They look very interesting. Especially how they can series up to 72V. The prices make me a little concerned on quality. I would ask where or how they work at -13F for sure. I don't use ANY lithium that doesn't have a built in heater. Charge at Cold ( -20C) even slowly will destroy them after the next cycle.
Cold temperature charging fatigues all battery cells, this is not an issue inherent to "Lithium" cells. However, each battery chemistry is more or less effected than others; NMC cells for example are quickly and severely damaged, these are the batteries that run most EV drive-trains, cheap and very high energy density. LFP and AGM are both much more stable and fatigue much less by deep cold charging. The big questions to ask in setting up a system though: How cold? How many Amps is the charging going to be in that cold? How cold is it during charging? (when talking renewables/solar this is important consideration)
How cold?
It is easy to assume the outside temperature is the same as the battery temperature and base things on that, however that is truly worst case scenario. In Tesla vehicles, for example, the 12V battery is located up front, under the frunk liner near the front-wheel electric motor and top of the main traction battery pack (Model S and X); this location actually never gets as cold as the outside temperatures (unless vehicle is totally discharged and left in extreme cold) because the main traction pack is being heated all the time to protect the cells (NMC style, WAY more sensitive to cold), some of this heat is radiated into the surrounding space.

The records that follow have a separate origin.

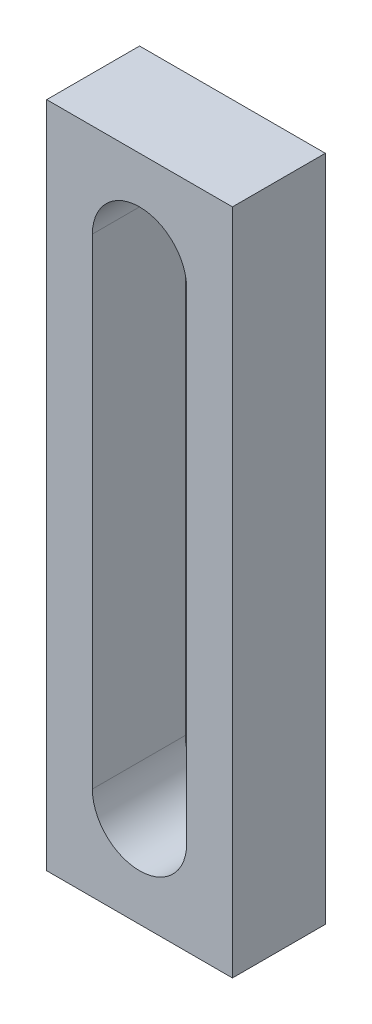
ISO-10303-21;
HEADER;
FILE_DESCRIPTION(('STEP AP214'),'2;1');
FILE_NAME('part.step','',(''),(''),'','','');
FILE_SCHEMA(('AUTOMOTIVE_DESIGN { 1 0 10303 214 1 1 1 1 }'));
ENDSEC;
DATA;
#1=APPLICATION_CONTEXT('core data for automotive mechanical design processes');
#2=APPLICATION_PROTOCOL_DEFINITION('international standard','automotive_design',2000,#1);
#3=PRODUCT_CONTEXT('',#1,'mechanical');
#4=PRODUCT('Part','Part','',(#3));
#5=PRODUCT_RELATED_PRODUCT_CATEGORY('part','',(#4));
#6=PRODUCT_DEFINITION_FORMATION('','',#4);
#7=PRODUCT_DEFINITION_CONTEXT('part definition',#1,'design');
#8=PRODUCT_DEFINITION('design','',#6,#7);
#9=PRODUCT_DEFINITION_SHAPE('','',#8);
#10=(LENGTH_UNIT() NAMED_UNIT(*) SI_UNIT(.MILLI.,.METRE.));
#11=(NAMED_UNIT(*) PLANE_ANGLE_UNIT() SI_UNIT($,.RADIAN.));
#12=(NAMED_UNIT(*) SI_UNIT($,.STERADIAN.) SOLID_ANGLE_UNIT());
#13=UNCERTAINTY_MEASURE_WITH_UNIT(LENGTH_MEASURE(1.E-05),#10,'distance_accuracy_value','');
#14=(GEOMETRIC_REPRESENTATION_CONTEXT(3) GLOBAL_UNCERTAINTY_ASSIGNED_CONTEXT((#13)) GLOBAL_UNIT_ASSIGNED_CONTEXT((#10,
#11,#12)) REPRESENTATION_CONTEXT('',''));
#15=CARTESIAN_POINT('',(0.,0.,0.));
#16=DIRECTION('',(0.,0.,1.));
#17=DIRECTION('',(1.,0.,0.));
#18=AXIS2_PLACEMENT_3D('',#15,#16,#17);
#19=CARTESIAN_POINT('',(50.8,-91.314999971,25.4));
#20=DIRECTION('',(-1.,0.,0.));
#21=DIRECTION('',(0.,0.,1.));
#22=AXIS2_PLACEMENT_3D('',#19,#20,#21);
#23=PLANE('',#22);
#24=DIRECTION('',(0.,1.,0.));
#25=VECTOR('',#24,1.);
#26=CARTESIAN_POINT('',(50.8,-91.314999971,0.));
#27=LINE('',#26,#25);
#28=CARTESIAN_POINT('',(50.8,-91.314999971,0.));
#29=VERTEX_POINT('',#28);
#30=CARTESIAN_POINT('',(50.8,91.314999971,0.));
#31=VERTEX_POINT('',#30);
#32=EDGE_CURVE('E151',#29,#31,#27,.T.);
#33=ORIENTED_EDGE('',*,*,#32,.T.);
#34=DIRECTION('',(0.,0.,-1.));
#35=VECTOR('',#34,1.);
#36=CARTESIAN_POINT('',(50.8,91.314999971,25.4));
#37=LINE('',#36,#35);
#38=CARTESIAN_POINT('',(50.8,91.314999971,25.4));
#39=VERTEX_POINT('',#38);
#40=EDGE_CURVE('E11',#39,#31,#37,.T.);
#41=ORIENTED_EDGE('',*,*,#40,.F.);
#42=DIRECTION('',(0.,1.,0.));
#43=VECTOR('',#42,1.);
#44=CARTESIAN_POINT('',(50.8,-91.314999971,25.4));
#45=LINE('',#44,#43);
#46=CARTESIAN_POINT('',(50.8,-91.314999971,25.4));
#47=VERTEX_POINT('',#46);
#48=EDGE_CURVE('E160',#47,#39,#45,.T.);
#49=ORIENTED_EDGE('',*,*,#48,.F.);
#50=DIRECTION('',(0.,0.,-1.));
#51=VECTOR('',#50,1.);
#52=CARTESIAN_POINT('',(50.8,-91.314999971,25.4));
#53=LINE('',#52,#51);
#54=EDGE_CURVE('E141',#47,#29,#53,.T.);
#55=ORIENTED_EDGE('',*,*,#54,.T.);
#56=EDGE_LOOP('',(#33,#41,#49,#55));
#57=FACE_BOUND('',#56,.T.);
#58=ADVANCED_FACE('F45',(#57),#23,.F.);
#59=CARTESIAN_POINT('',(50.8,91.314999971,25.4));
#60=DIRECTION('',(0.,-1.,0.));
#61=DIRECTION('',(1.,0.,0.));
#62=AXIS2_PLACEMENT_3D('',#59,#60,#61);
#63=PLANE('',#62);
#64=DIRECTION('',(-1.,0.,0.));
#65=VECTOR('',#64,1.);
#66=CARTESIAN_POINT('',(50.8,91.314999971,0.));
#67=LINE('',#66,#65);
#68=CARTESIAN_POINT('',(0.,91.314999971,0.));
#69=VERTEX_POINT('',#68);
#70=EDGE_CURVE('E101',#31,#69,#67,.T.);
#71=ORIENTED_EDGE('',*,*,#70,.T.);
#72=DIRECTION('',(0.,0.,-1.));
#73=VECTOR('',#72,1.);
#74=CARTESIAN_POINT('',(0.,91.314999971,25.4));
#75=LINE('',#74,#73);
#76=CARTESIAN_POINT('',(0.,91.314999971,25.4));
#77=VERTEX_POINT('',#76);
#78=EDGE_CURVE('E54',#77,#69,#75,.T.);
#79=ORIENTED_EDGE('',*,*,#78,.F.);
#80=DIRECTION('',(-1.,0.,0.));
#81=VECTOR('',#80,1.);
#82=CARTESIAN_POINT('',(50.8,91.314999971,25.4));
#83=LINE('',#82,#81);
#84=EDGE_CURVE('E124',#39,#77,#83,.T.);
#85=ORIENTED_EDGE('',*,*,#84,.F.);
#86=ORIENTED_EDGE('',*,*,#40,.T.);
#87=EDGE_LOOP('',(#71,#79,#85,#86));
#88=FACE_BOUND('',#87,.T.);
#89=ADVANCED_FACE('F198',(#88),#63,.F.);
#90=CARTESIAN_POINT('',(0.,91.314999971,25.4));
#91=DIRECTION('',(1.,0.,0.));
#92=DIRECTION('',(0.,0.,-1.));
#93=AXIS2_PLACEMENT_3D('',#90,#91,#92);
#94=PLANE('',#93);
#95=DIRECTION('',(0.,-1.,0.));
#96=VECTOR('',#95,1.);
#97=CARTESIAN_POINT('',(0.,91.314999971,0.));
#98=LINE('',#97,#96);
#99=CARTESIAN_POINT('',(0.,-91.314999971,0.));
#100=VERTEX_POINT('',#99);
#101=EDGE_CURVE('E109',#69,#100,#98,.T.);
#102=ORIENTED_EDGE('',*,*,#101,.T.);
#103=DIRECTION('',(0.,0.,-1.));
#104=VECTOR('',#103,1.);
#105=CARTESIAN_POINT('',(0.,-91.314999971,25.4));
#106=LINE('',#105,#104);
#107=CARTESIAN_POINT('',(0.,-91.314999971,25.4));
#108=VERTEX_POINT('',#107);
#109=EDGE_CURVE('E138',#108,#100,#106,.T.);
#110=ORIENTED_EDGE('',*,*,#109,.F.);
#111=DIRECTION('',(0.,-1.,0.));
#112=VECTOR('',#111,1.);
#113=CARTESIAN_POINT('',(0.,91.314999971,25.4));
#114=LINE('',#113,#112);
#115=EDGE_CURVE('E132',#77,#108,#114,.T.);
#116=ORIENTED_EDGE('',*,*,#115,.F.);
#117=ORIENTED_EDGE('',*,*,#78,.T.);
#118=EDGE_LOOP('',(#102,#110,#116,#117));
#119=FACE_BOUND('',#118,.T.);
#120=ADVANCED_FACE('F139',(#119),#94,.F.);
#121=CARTESIAN_POINT('',(0.,-91.314999971,25.4));
#122=DIRECTION('',(0.,1.,0.));
#123=DIRECTION('',(-1.,0.,0.));
#124=AXIS2_PLACEMENT_3D('',#121,#122,#123);
#125=PLANE('',#124);
#126=DIRECTION('',(1.,0.,0.));
#127=VECTOR('',#126,1.);
#128=CARTESIAN_POINT('',(0.,-91.314999971,0.));
#129=LINE('',#128,#127);
#130=EDGE_CURVE('E116',#100,#29,#129,.T.);
#131=ORIENTED_EDGE('',*,*,#130,.T.);
#132=ORIENTED_EDGE('',*,*,#54,.F.);
#133=DIRECTION('',(1.,0.,0.));
#134=VECTOR('',#133,1.);
#135=CARTESIAN_POINT('',(0.,-91.314999971,25.4));
#136=LINE('',#135,#134);
#137=EDGE_CURVE('E135',#108,#47,#136,.T.);
#138=ORIENTED_EDGE('',*,*,#137,.F.);
#139=ORIENTED_EDGE('',*,*,#109,.T.);
#140=EDGE_LOOP('',(#131,#132,#138,#139));
#141=FACE_BOUND('',#140,.T.);
#142=ADVANCED_FACE('F143',(#141),#125,.F.);
#143=CARTESIAN_POINT('',(0.,0.,25.4));
#144=DIRECTION('',(0.,0.,1.));
#145=DIRECTION('',(1.,0.,0.));
#146=AXIS2_PLACEMENT_3D('',#143,#144,#145);
#147=PLANE('',#146);
#148=CARTESIAN_POINT('',(25.4,65.714999971,25.4));
#149=DIRECTION('',(0.,0.,1.));
#150=DIRECTION('',(1.,0.,0.));
#151=AXIS2_PLACEMENT_3D('',#148,#149,#150);
#152=CIRCLE('',#151,12.9);
#153=CARTESIAN_POINT('',(38.3,65.714999971,25.4));
#154=VERTEX_POINT('',#153);
#155=CARTESIAN_POINT('',(12.5,65.714999971,25.4));
#156=VERTEX_POINT('',#155);
#157=EDGE_CURVE('E48',#154,#156,#152,.T.);
#158=ORIENTED_EDGE('',*,*,#157,.F.);
#159=DIRECTION('',(0.,1.,0.));
#160=VECTOR('',#159,1.);
#161=CARTESIAN_POINT('',(38.3,0.,25.4));
#162=LINE('',#161,#160);
#163=CARTESIAN_POINT('',(38.3,-65.714999971,25.4));
#164=VERTEX_POINT('',#163);
#165=EDGE_CURVE('E92',#154,#164,#162,.F.);
#166=ORIENTED_EDGE('',*,*,#165,.T.);
#167=CARTESIAN_POINT('',(25.4,-65.714999971,25.4));
#168=DIRECTION('',(0.,0.,1.));
#169=DIRECTION('',(1.,0.,0.));
#170=AXIS2_PLACEMENT_3D('',#167,#168,#169);
#171=CIRCLE('',#170,12.9);
#172=CARTESIAN_POINT('',(12.5,-65.714999971,25.4));
#173=VERTEX_POINT('',#172);
#174=EDGE_CURVE('E167',#173,#164,#171,.T.);
#175=ORIENTED_EDGE('',*,*,#174,.F.);
#176=DIRECTION('',(0.,1.,0.));
#177=VECTOR('',#176,1.);
#178=CARTESIAN_POINT('',(12.5,65.714999971,25.4));
#179=LINE('',#178,#177);
#180=EDGE_CURVE('E164',#156,#173,#179,.F.);
#181=ORIENTED_EDGE('',*,*,#180,.F.);
#182=EDGE_LOOP('',(#158,#166,#175,#181));
#183=FACE_BOUND('',#182,.T.);
#184=ORIENTED_EDGE('',*,*,#48,.T.);
#185=ORIENTED_EDGE('',*,*,#84,.T.);
#186=ORIENTED_EDGE('',*,*,#115,.T.);
#187=ORIENTED_EDGE('',*,*,#137,.T.);
#188=EDGE_LOOP('',(#184,#185,#186,#187));
#189=FACE_BOUND('',#188,.T.);
#190=ADVANCED_FACE('F133',(#183,#189),#147,.T.);
#191=CARTESIAN_POINT('',(0.,0.,0.));
#192=DIRECTION('',(0.,0.,1.));
#193=DIRECTION('',(1.,0.,0.));
#194=AXIS2_PLACEMENT_3D('',#191,#192,#193);
#195=PLANE('',#194);
#196=DIRECTION('',(0.,-1.,0.));
#197=VECTOR('',#196,1.);
#198=CARTESIAN_POINT('',(38.3,65.714999971,0.));
#199=LINE('',#198,#197);
#200=CARTESIAN_POINT('',(38.3,65.714999971,0.));
#201=VERTEX_POINT('',#200);
#202=CARTESIAN_POINT('',(38.3,-65.714999971,0.));
#203=VERTEX_POINT('',#202);
#204=EDGE_CURVE('E190',#201,#203,#199,.T.);
#205=ORIENTED_EDGE('',*,*,#204,.F.);
#206=CARTESIAN_POINT('',(25.4,65.714999971,0.));
#207=DIRECTION('',(0.,0.,1.));
#208=DIRECTION('',(1.,0.,0.));
#209=AXIS2_PLACEMENT_3D('',#206,#207,#208);
#210=CIRCLE('',#209,12.9);
#211=CARTESIAN_POINT('',(12.5,65.714999971,0.));
#212=VERTEX_POINT('',#211);
#213=EDGE_CURVE('E272',#201,#212,#210,.T.);
#214=ORIENTED_EDGE('',*,*,#213,.T.);
#215=DIRECTION('',(0.,-1.,0.));
#216=VECTOR('',#215,1.);
#217=CARTESIAN_POINT('',(12.5,65.714999971,0.));
#218=LINE('',#217,#216);
#219=CARTESIAN_POINT('',(12.5,-65.714999971,0.));
#220=VERTEX_POINT('',#219);
#221=EDGE_CURVE('E274',#212,#220,#218,.T.);
#222=ORIENTED_EDGE('',*,*,#221,.T.);
#223=CARTESIAN_POINT('',(25.4,-65.714999971,0.));
#224=DIRECTION('',(0.,0.,1.));
#225=DIRECTION('',(1.,0.,0.));
#226=AXIS2_PLACEMENT_3D('',#223,#224,#225);
#227=CIRCLE('',#226,12.9);
#228=EDGE_CURVE('E71',#220,#203,#227,.T.);
#229=ORIENTED_EDGE('',*,*,#228,.T.);
#230=EDGE_LOOP('',(#205,#214,#222,#229));
#231=FACE_BOUND('',#230,.T.);
#232=ORIENTED_EDGE('',*,*,#32,.F.);
#233=ORIENTED_EDGE('',*,*,#130,.F.);
#234=ORIENTED_EDGE('',*,*,#101,.F.);
#235=ORIENTED_EDGE('',*,*,#70,.F.);
#236=EDGE_LOOP('',(#232,#233,#234,#235));
#237=FACE_BOUND('',#236,.T.);
#238=ADVANCED_FACE('F199',(#231,#237),#195,.F.);
#239=CARTESIAN_POINT('',(25.4,65.714999971,0.));
#240=DIRECTION('',(0.,0.,1.));
#241=DIRECTION('',(1.,0.,0.));
#242=AXIS2_PLACEMENT_3D('',#239,#240,#241);
#243=CYLINDRICAL_SURFACE('',#242,12.9);
#244=ORIENTED_EDGE('',*,*,#157,.T.);
#245=DIRECTION('',(0.,0.,1.));
#246=VECTOR('',#245,1.);
#247=CARTESIAN_POINT('',(12.5,65.714999971,0.));
#248=LINE('',#247,#246);
#249=EDGE_CURVE('E62',#212,#156,#248,.T.);
#250=ORIENTED_EDGE('',*,*,#249,.F.);
#251=ORIENTED_EDGE('',*,*,#213,.F.);
#252=DIRECTION('',(0.,0.,1.));
#253=VECTOR('',#252,1.);
#254=CARTESIAN_POINT('',(38.3,65.714999971,0.));
#255=LINE('',#254,#253);
#256=EDGE_CURVE('E168',#201,#154,#255,.T.);
#257=ORIENTED_EDGE('',*,*,#256,.T.);
#258=EDGE_LOOP('',(#244,#250,#251,#257));
#259=FACE_BOUND('',#258,.T.);
#260=ADVANCED_FACE('F177',(#259),#243,.F.);
#261=CARTESIAN_POINT('',(38.3,65.714999971,0.));
#262=DIRECTION('',(-1.,0.,0.));
#263=DIRECTION('',(0.,0.,1.));
#264=AXIS2_PLACEMENT_3D('',#261,#262,#263);
#265=PLANE('',#264);
#266=ORIENTED_EDGE('',*,*,#256,.F.);
#267=ORIENTED_EDGE('',*,*,#204,.T.);
#268=DIRECTION('',(0.,0.,1.));
#269=VECTOR('',#268,1.);
#270=CARTESIAN_POINT('',(38.3,-65.714999971,0.));
#271=LINE('',#270,#269);
#272=EDGE_CURVE('E185',#203,#164,#271,.T.);
#273=ORIENTED_EDGE('',*,*,#272,.T.);
#274=ORIENTED_EDGE('',*,*,#165,.F.);
#275=EDGE_LOOP('',(#266,#267,#273,#274));
#276=FACE_BOUND('',#275,.T.);
#277=ADVANCED_FACE('F207',(#276),#265,.T.);
#278=CARTESIAN_POINT('',(25.4,-65.714999971,0.));
#279=DIRECTION('',(0.,0.,1.));
#280=DIRECTION('',(1.,0.,0.));
#281=AXIS2_PLACEMENT_3D('',#278,#279,#280);
#282=CYLINDRICAL_SURFACE('',#281,12.9);
#283=ORIENTED_EDGE('',*,*,#174,.T.);
#284=ORIENTED_EDGE('',*,*,#272,.F.);
#285=ORIENTED_EDGE('',*,*,#228,.F.);
#286=DIRECTION('',(0.,0.,1.));
#287=VECTOR('',#286,1.);
#288=CARTESIAN_POINT('',(12.5,-65.714999971,0.));
#289=LINE('',#288,#287);
#290=EDGE_CURVE('E181',#220,#173,#289,.T.);
#291=ORIENTED_EDGE('',*,*,#290,.T.);
#292=EDGE_LOOP('',(#283,#284,#285,#291));
#293=FACE_BOUND('',#292,.T.);
#294=ADVANCED_FACE('F183',(#293),#282,.F.);
#295=CARTESIAN_POINT('',(12.5,65.714999971,0.));
#296=DIRECTION('',(-1.,0.,0.));
#297=DIRECTION('',(0.,0.,1.));
#298=AXIS2_PLACEMENT_3D('',#295,#296,#297);
#299=PLANE('',#298);
#300=ORIENTED_EDGE('',*,*,#180,.T.);
#301=ORIENTED_EDGE('',*,*,#290,.F.);
#302=ORIENTED_EDGE('',*,*,#221,.F.);
#303=ORIENTED_EDGE('',*,*,#249,.T.);
#304=EDGE_LOOP('',(#300,#301,#302,#303));
#305=FACE_BOUND('',#304,.T.);
#306=ADVANCED_FACE('F180',(#305),#299,.F.);
#307=CLOSED_SHELL('',(#58,#89,#120,#142,#190,#238,#260,#277,#294,#306));
#308=MANIFOLD_SOLID_BREP('B2',#307);
#309=ADVANCED_BREP_SHAPE_REPRESENTATION('',(#18,#308),#14);
#310=SHAPE_DEFINITION_REPRESENTATION(#9,#309);
ENDSEC;
END-ISO-10303-21;

Another example is the Sprinter-chassis campers, the Aux/House battery is located in the engine bay, during driving (when they charge) the engine is running and warming that bay up quite a bit.
In a boat, the battery room may be located near a generator room or engine room, these generate heat, the battery room itself may also be insulated from the outside temperatures and low enough in the boats hull to be warmed by the sea-water it is floating in.
My point is: unless you are planning to install the battery in an open-environment analyze the temperature extremes based on its installation location conditions and not the climate conditions (to a point).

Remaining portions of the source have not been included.